*Task statement:*
Going down the data below, set down exactly the line with "Gain2 : Gain" and each line after it through the line with "Constant/1 -> Divide/1"; no other lines.

Stored entries
****************

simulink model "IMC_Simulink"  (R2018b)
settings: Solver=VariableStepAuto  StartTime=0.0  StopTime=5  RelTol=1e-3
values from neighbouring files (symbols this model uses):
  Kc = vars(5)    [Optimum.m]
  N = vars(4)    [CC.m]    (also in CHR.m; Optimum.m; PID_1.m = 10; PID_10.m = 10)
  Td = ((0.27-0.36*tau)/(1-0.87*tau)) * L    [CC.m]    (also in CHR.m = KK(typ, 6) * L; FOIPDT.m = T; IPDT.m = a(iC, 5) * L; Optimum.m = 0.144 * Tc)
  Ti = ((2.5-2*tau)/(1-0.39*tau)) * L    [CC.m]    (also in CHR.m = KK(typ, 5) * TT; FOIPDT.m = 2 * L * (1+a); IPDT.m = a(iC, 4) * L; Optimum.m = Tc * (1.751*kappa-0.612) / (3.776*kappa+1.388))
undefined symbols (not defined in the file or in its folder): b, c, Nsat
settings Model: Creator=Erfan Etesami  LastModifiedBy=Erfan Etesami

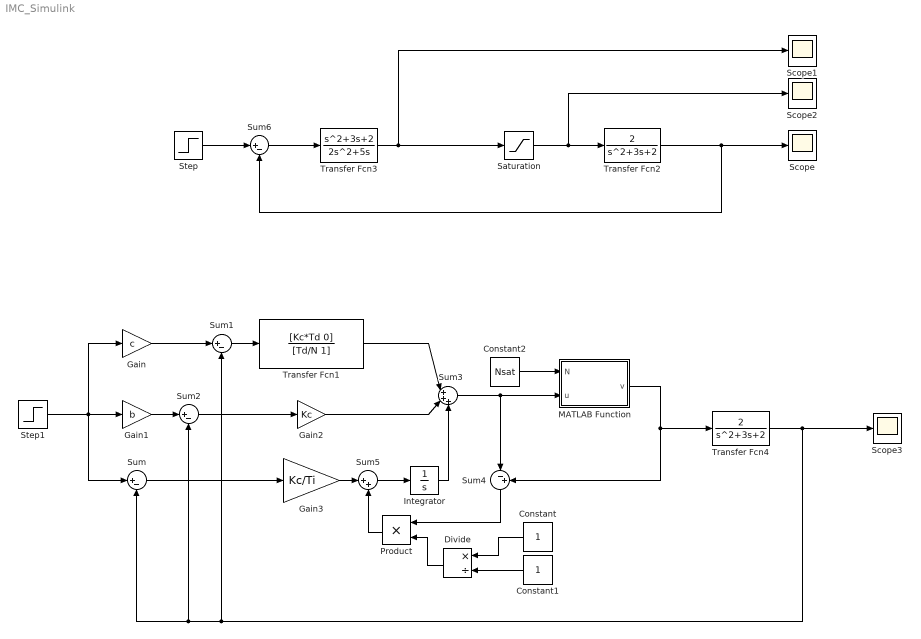
== system IMC_Simulink ==
  Constant : Constant
  Constant1 : Constant
  Constant2 : Constant  Value=Nsat
  Divide : Product  Inputs=*/
  Gain : Gain  Gain=c
  Gain1 : Gain  Gain=b
  Gain2 : Gain  Gain=Kc
  Gain3 : Gain  Gain=Kc/Ti
  Integrator : Integrator
  MATLAB Function : MATLAB Function  TreatAsAtomicUnit=on
  Product : Product
  Saturation : Saturate  UpperLimit=Nsat  LowerLimit=-Nsat
  Scope{,1..3} (4 alike) : Scope
  Step : Step  Time=0  SampleTime=0
  Step1 : Step  Time=0  SampleTime=0
  Sum{,1..2,6} (4 alike) : Sum  Inputs=|+-
  Sum3 : Sum  Inputs=|+++
  Sum4 : Sum  Inputs=|-+
  Sum5 : Sum  Inputs=|++
  Transfer Fcn1 : TransferFcn  Numerator=[Kc*Td 0]  Denominator=[Td/N 1]
  Transfer Fcn2 : TransferFcn  Numerator=[2]  Denominator=[1 3 2]
  Transfer Fcn3 : TransferFcn  Numerator=[1 3 2]  Denominator=[2 5 0]
  Transfer Fcn4 : TransferFcn  Numerator=[2]  Denominator=[1 3 2]
  wires:
  Constant2/1 -> MATLAB Function/1(N)
  Gain3/1 -> Sum5/1
  Gain/1 -> Sum1/1
  Gain1/1 -> Sum2/1
  Product/1 -> Sum5/2
  MATLAB Function/1(v) -> Transfer Fcn4/1, Sum4/2
  Sum1/1 -> Transfer Fcn1/1
  Integrator/1 -> Sum3/3
  Sum4/1 -> Product/1
  Sum5/1 -> Integrator/1
  Sum3/1 -> MATLAB Function/2(u), Sum4/1
  Step1/1 -> Gain/1, Sum/1, Gain1/1
  Constant1/1 -> Divide/2
  Sum/1 -> Gain3/1
  Transfer Fcn1/1 -> Sum3/1
  Gain2/1 -> Sum3/2
  Constant/1 -> Divide/1
  Transfer Fcn4/1 -> Scope3/1, Sum1/2, Sum2/2, Sum/2
  Sum2/1 -> Gain2/1
  Divide/1 -> Product/2
  Step/1 -> Sum6/1
  Sum6/1 -> Transfer Fcn3/1
  Transfer Fcn2/1 -> Sum6/2, Scope/1
  Transfer Fcn3/1 -> Saturation/1, Scope1/1
  Saturation/1 -> Transfer Fcn2/1, Scope2/1

== matlab function IMC_Simulink/MATLAB Function ==
  data: N input; u input; v output
function v = fcn(N, u)

v = min(N, max(-N, u));

end

****************

*Reply:*
  Gain2 : Gain  Gain=Kc
  Gain3 : Gain  Gain=Kc/Ti
  Integrator : Integrator
  MATLAB Function : MATLAB Function  TreatAsAtomicUnit=on
  Product : Product
  Saturation : Saturate  UpperLimit=Nsat  LowerLimit=-Nsat
  Scope{,1..3} (4 alike) : Scope
  Step : Step  Time=0  SampleTime=0
  Step1 : Step  Time=0  SampleTime=0
  Sum{,1..2,6} (4 alike) : Sum  Inputs=|+-
  Sum3 : Sum  Inputs=|+++
  Sum4 : Sum  Inputs=|-+
  Sum5 : Sum  Inputs=|++
  Transfer Fcn1 : TransferFcn  Numerator=[Kc*Td 0]  Denominator=[Td/N 1]
  Transfer Fcn2 : TransferFcn  Numerator=[2]  Denominator=[1 3 2]
  Transfer Fcn3 : TransferFcn  Numerator=[1 3 2]  Denominator=[2 5 0]
  Transfer Fcn4 : TransferFcn  Numerator=[2]  Denominator=[1 3 2]
  wires:
  Constant2/1 -> MATLAB Function/1(N)
  Gain3/1 -> Sum5/1
  Gain/1 -> Sum1/1
  Gain1/1 -> Sum2/1
  Product/1 -> Sum5/2
  MATLAB Function/1(v) -> Transfer Fcn4/1, Sum4/2
  Sum1/1 -> Transfer Fcn1/1
  Integrator/1 -> Sum3/3
  Sum4/1 -> Product/1
  Sum5/1 -> Integrator/1
  Sum3/1 -> MATLAB Function/2(u), Sum4/1
  Step1/1 -> Gain/1, Sum/1, Gain1/1
  Constant1/1 -> Divide/2
  Sum/1 -> Gain3/1
  Transfer Fcn1/1 -> Sum3/1
  Gain2/1 -> Sum3/2
  Constant/1 -> Divide/1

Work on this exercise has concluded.